N.B.: Lo voglio utilizzare il 64bit, quidni penso che anche la scheda madre debba supportare la cosa....e DDR 400 (no ddr2)..

Un grazie a tutti

----------

## .:chrome:.

se non devi caricare molto il sistema con calcoli in virgola mobile, quel processore va più che bene. ne ho uno simile a casa.

delle EM64T su un desktop te ne fai poco e niente, e in qunto all'HyperThreading... non è che adesso devono averlo tutti per forza. si è sempre andavi avanti senza, quindi vuol dire che non era fondamentale  :Wink: 

il PCI express io te lo consiglio alla grande. se non usi hardware esotico funziona davvero bene. più che altro non ti pregiudica le possibilità di espansione in futuro, come invece farebbe una scheda basata su AGP.

hai mai visto le nuove schede madri intel? secondo me sono progettate molto bene. mi hanno davvero sorpreso (piacevolmente) prova a farci un pensierino

----------

## power83

 *k.gothmog wrote:*   

> 
> 
> delle EM64T su un desktop te ne fai poco e niente, e in qunto all'HyperThreading... non è che adesso devono averlo tutti per forza. si è sempre andavi avanti senza, quindi vuol dire che non era fondamentale 

 

beh...questo e' da vedere...x l'HT secondo me invece sembrerebbe essere abbastanza importante, vedesi ad esempio software come firefox quando apro 50.000 tabs x i siti porno o altro...

Ma e' l'HT che fa vedere al sistema cpu0 e cpu1 oppure no?

 *k.gothmog wrote:*   

> 
> 
> hai mai visto le nuove schede madri intel? secondo me sono progettate molto bene. mi hanno davvero sorpreso (piacevolmente) prova a farci un pensierino

 

Ti ringrazio della dritta, ma sto cercando di fare tt con hw usato o cmq molto molto molto poco costoso,e la scheda madre cerco di prenderla al max max 50euro.
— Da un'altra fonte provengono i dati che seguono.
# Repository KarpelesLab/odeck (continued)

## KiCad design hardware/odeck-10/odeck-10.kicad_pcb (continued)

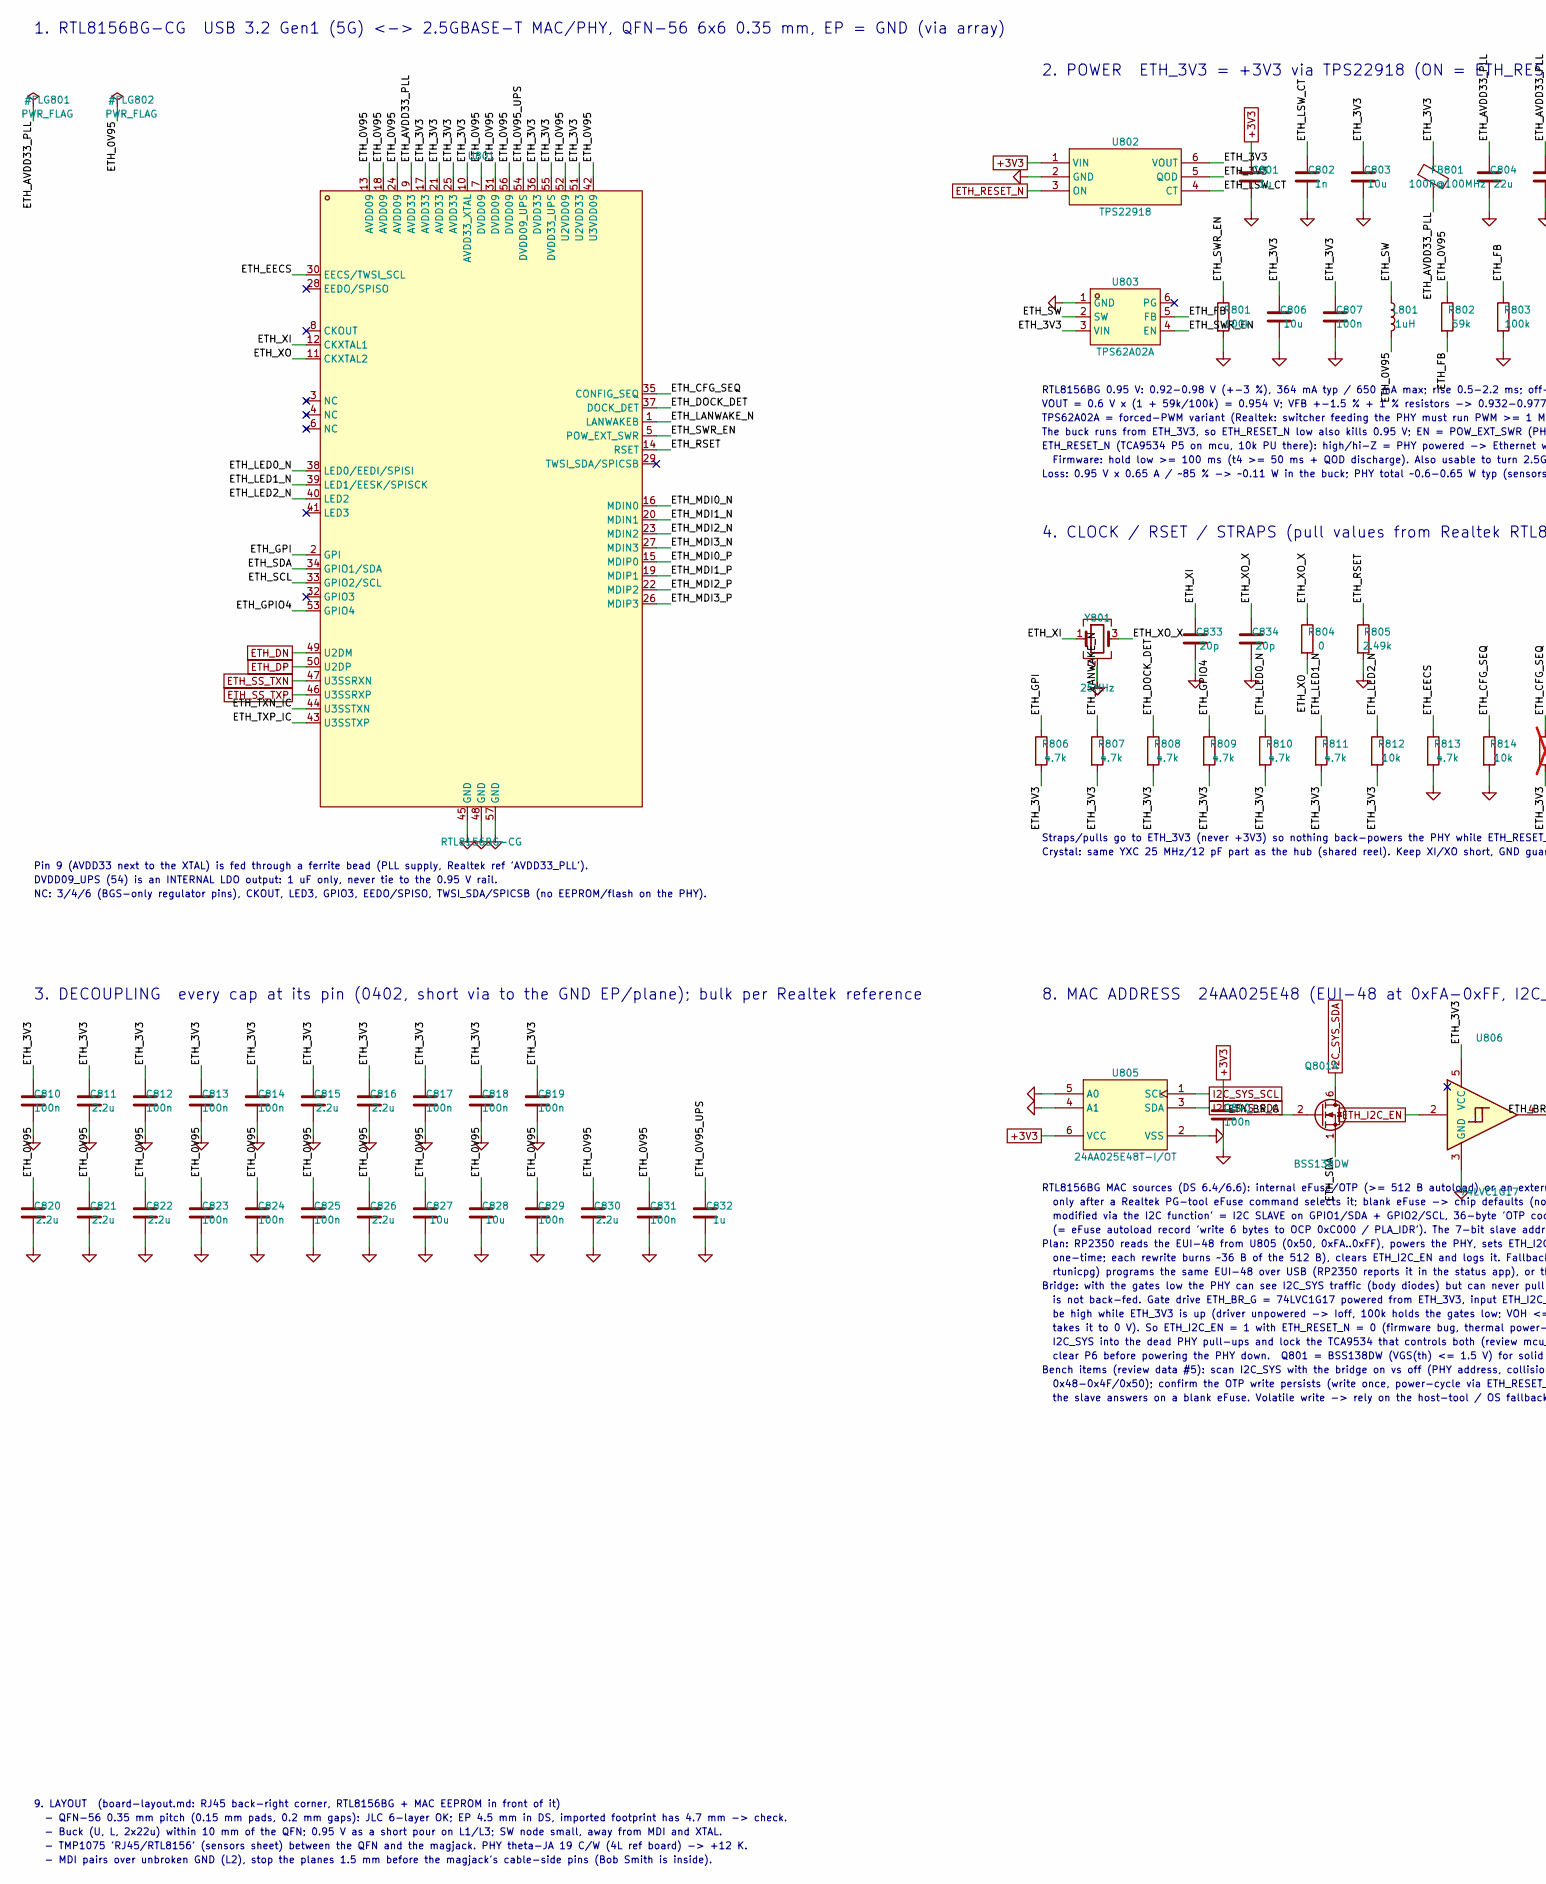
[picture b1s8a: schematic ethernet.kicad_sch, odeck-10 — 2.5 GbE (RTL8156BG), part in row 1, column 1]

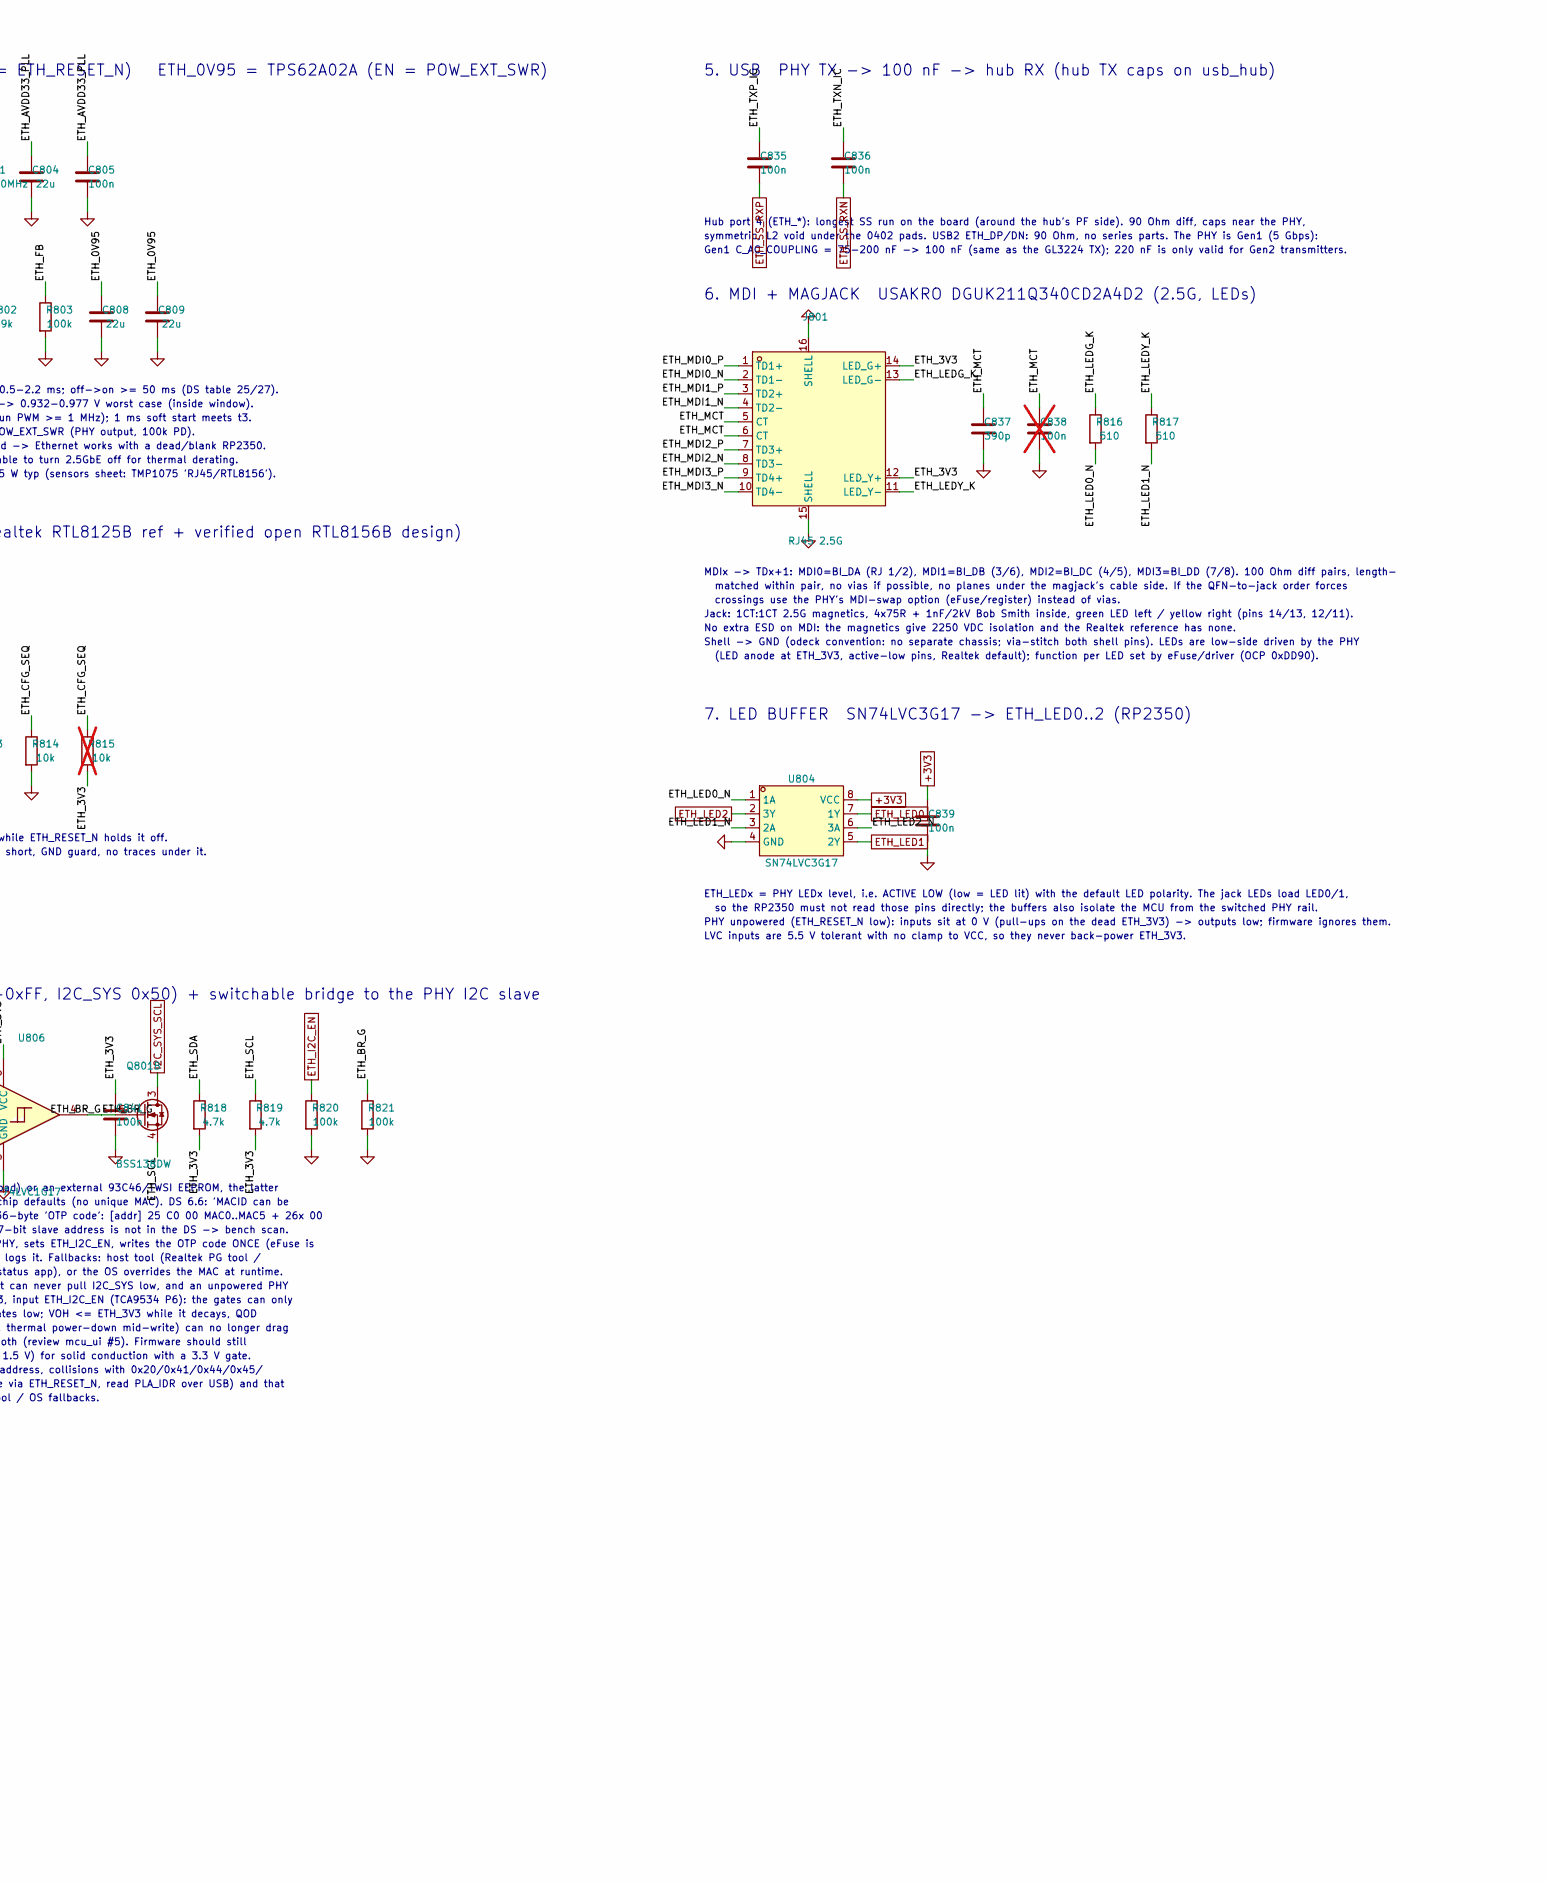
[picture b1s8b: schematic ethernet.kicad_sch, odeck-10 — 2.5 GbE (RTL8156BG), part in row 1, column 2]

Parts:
C801, C832: 1u; C_0402_1005Metric; LCSC C52923
C802: 1n; C_0402_1005Metric; LCSC C1523
C803, C806, C827, C828: 10u; C_0603_1608Metric; LCSC C19702
C804, C808, C809: 22u; C_0603_1608Metric; LCSC C59461
C805, C807, C810, C812, C813, C814, C817, C818, C819, C823, C824, C825, C829, C831, C835, C836, C839, C840, C841: 100n; C_0402_1005Metric; LCSC C1525
C811, C815, C816, C820, C821, C822, C826, C830: 2.2u; C_0402_1005Metric; LCSC C12530
C833, C834: 20p; C_0402_1005Metric; LCSC C1554
C837: 390p; C_0402_1005Metric; LCSC C282239
C838: 100n; C_0402_1005Metric; LCSC C1525; not fitted
FB801: 100R@100MHz; L_0805_2012Metric; LCSC C1015
J801: RJ45 2.5G; RJ45-TH_DGUK211Q340CD2A4D2; MPN DGUK211Q340CD2A4D2(2.5G); LCSC C19725134
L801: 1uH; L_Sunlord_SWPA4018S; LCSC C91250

Ma x utilizzarlo a 64bit, basta avere avere il supporto della mobo a 64bit opprue la mobo deve anche supportare EM64T? sul sito italiano Asus nn sn molto chiari...

----------

## .:chrome:.

 *power83 wrote:*   

> delle EM64T su un desktop te ne fai poco e niente, e in qunto all'HyperThreading... non è che adesso devono averlo tutti per forza. si è sempre andavi avanti senza, quindi vuol dire che non era fondamentale 

 

beh...questo e' da vedere...x l'HT secondo me invece sembrerebbe essere abbastanza importante, vedesi ad esempio software come firefox quando apro 50.000 tabs x i siti porno o altro...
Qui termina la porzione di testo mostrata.